NoSQL DB would also give us the flexibility of adding new action types that might have different structures compared to existing ones.
NoSQL DB fits the NFR well since they can be horizontally scaled and we don't need strong consistency of the data.
I would pick Cassandra over MongoDB because Cassandra is optimised for write heavy workloads, all nodes are able to make write operations and we avoid having to create a sharded datastore if we used MongoDB given that only the master node can write.
As for reads, we would be better off if we use a database system that would allow for better querying capabilities. An Analytical warehouse with SQL support makes sense here.
So, the actions would be saved initially into Cassandra and we can have some sort of data management/transformation tool that asynchronously reads that data and inserts it into our warehouse. Given that the application would need to run complex JOIN logic to be able to fulfill the asks of our different use cases (existing and future ones) data can be precomputed/materialised to whatever the expected shapes are. In this way, we would (initially at least) avoid any sort of caching needs.
High-level design
Request flows
logActions flow:
- Client sends action that gets routed to an available API server instance through a LoadBalancer.
- Request is processed through an actionService
- Data is stored in Cassandra
readAllActions flow:
- User using the frontend dashboard requests a set of actions based on a specific type or use case.
- Data is read from the SQL database that is host of the pre calculated data that is ready for consumption.
readAllActionByLocation flow: same as readAllActions with a given location filter
generateReport:
- Customer requests a report that includes the visualisations of the dashboard.
- ApplicationService queries all visualisations from SQLDB and generates a PDF file on the fly.
Detailed component design
DataTransferService: this service is a third party tool that is scheduled to perform async polls to read data from Cassandra into our Data Warehouse. There is no need for any transformation at this step, just data basic management of removing unnecessary columns for example if there is any. By giving away such simple task to a third party service we can trade in a bit of extra cost for less complexity, an alternative would creating a service that reads data as it comes and queues it into a message broker for next steps to come.

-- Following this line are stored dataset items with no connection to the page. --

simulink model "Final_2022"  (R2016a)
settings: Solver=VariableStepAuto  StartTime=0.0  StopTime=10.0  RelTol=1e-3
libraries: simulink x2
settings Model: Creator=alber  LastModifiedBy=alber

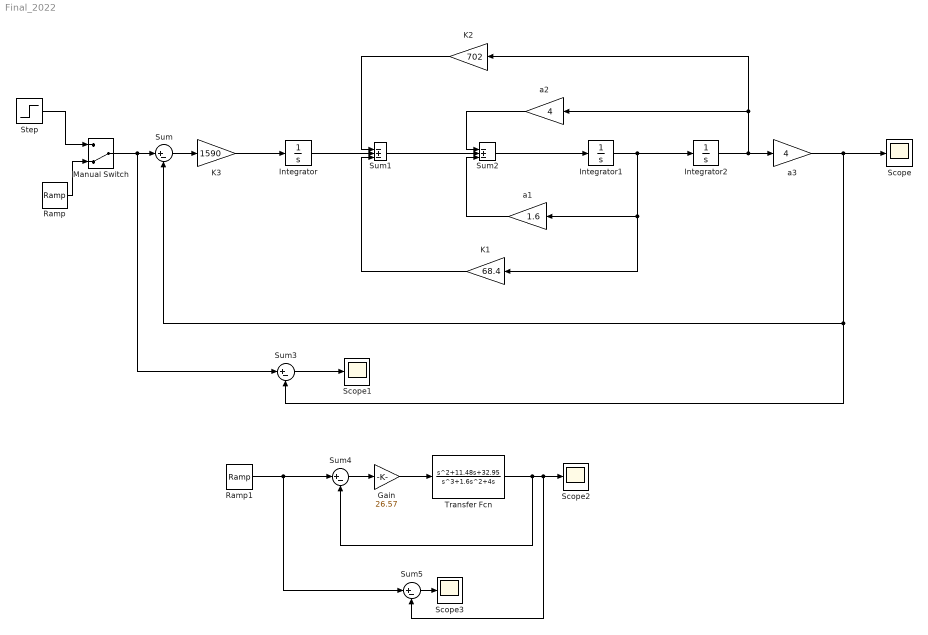
== system Final_2022 ==
  Gain : Gain  Gain=26.57
  Integrator : Integrator
  Integrator1 : Integrator
  Integrator2 : Integrator
  K1 : Gain  Gain=68.4
  K2 : Gain  Gain=702
  K3 : Gain  Gain=1590
  Manual Switch : ManualSwitch  CurrentSetting=0
  Ramp : simulink/Sources/Ramp  slope=1  start=0  X0=0
  Ramp1 : simulink/Sources/Ramp  slope=1  start=0  X0=0
  Scope{,1..3} (4 alike) : Scope
  Step : Step  SampleTime=0
  Sum{,3..5} (4 alike) : Sum  Inputs=|+-
  Sum1 : Sum  Inputs=|-+-
  Sum2 : Sum  Inputs=|-+-
  Transfer Fcn : TransferFcn  Numerator=[1 11.48 32.95]  Denominator=[1 1.6 4 0]
  a1 : Gain  Gain=1.6
  a2 : Gain  Gain=4
  a3 : Gain  Gain=4
  wires:
  Sum/1 -> K3/1
  K3/1 -> Integrator/1
  Integrator/1 -> Sum1/2
  Sum1/1 -> Sum2/2
  Sum2/1 -> Integrator1/1
  Integrator1/1 -> K1/1, a1/1, Integrator2/1
  a1/1 -> Sum2/3
  K1/1 -> Sum1/3
  Integrator2/1 -> K2/1, a2/1, a3/1
  a3/1 -> Sum/2, Sum3/2, Scope/1
  a2/1 -> Sum2/1
  K2/1 -> Sum1/1
  Ramp1/1 -> Sum4/1, Sum5/1
  Transfer Fcn/1 -> Sum4/2, Sum5/2, Scope2/1
  Sum5/1 -> Scope3/1
  Sum4/1 -> Gain/1
  Gain/1 -> Transfer Fcn/1
  Manual Switch/1 -> Sum3/1, Sum/1
  Ramp/1 -> Manual Switch/2
  Step/1 -> Manual Switch/1
  Sum3/1 -> Scope1/1

DataTransformationService: I am gonna be using DBT here (Data Build Tool) which is an open source data transformation tool existing on the market for this kind of workloads. The way to setup this is to create a separate repository that hosts the query that will consume whatever is in the warehouse and perform the transformations that result in tables with precomputed data in our SQLDB. Saving the data precomputed allows the ApplicationService that serves the frontend to access information without running in real time complex queries, improving performance for reads.
Trade offs/Tech choices
- I used a third party service in the dataTransferService to avoid bearing extra system components. Brings cost up, but lowers complexities. We can take this trade off since the step where this is applied does not hold much logic, it's just moving data around.
- Pre calculated data into a dedicated read only SQLDB to perform faster reads. We traded in some extra complexity into the system and weaker consistency for higher speed responses.
- Cassandras eventual consistency model is not an issue, there is no problem if the users sees slightly stale data in the frontend dashboard.
Failure scenarios/bottlenecks
A potential failure scenario could be in the SQLDB read only database with the precomputed data in a scenario where instead of having 10000 customer, we have 1000000 customers for example.
The same bottleneck could be taking place with Cassandra where we might find that a single datastore is not enough for writing x100 the amount of current actions.
Future improvements
- Sharding the databases' data by a partition key owningUser could be a solution to both scenarios.
- The generate report action in our database is making them on the fly, to reduce latency, reports can be generated in an async way for faster responses.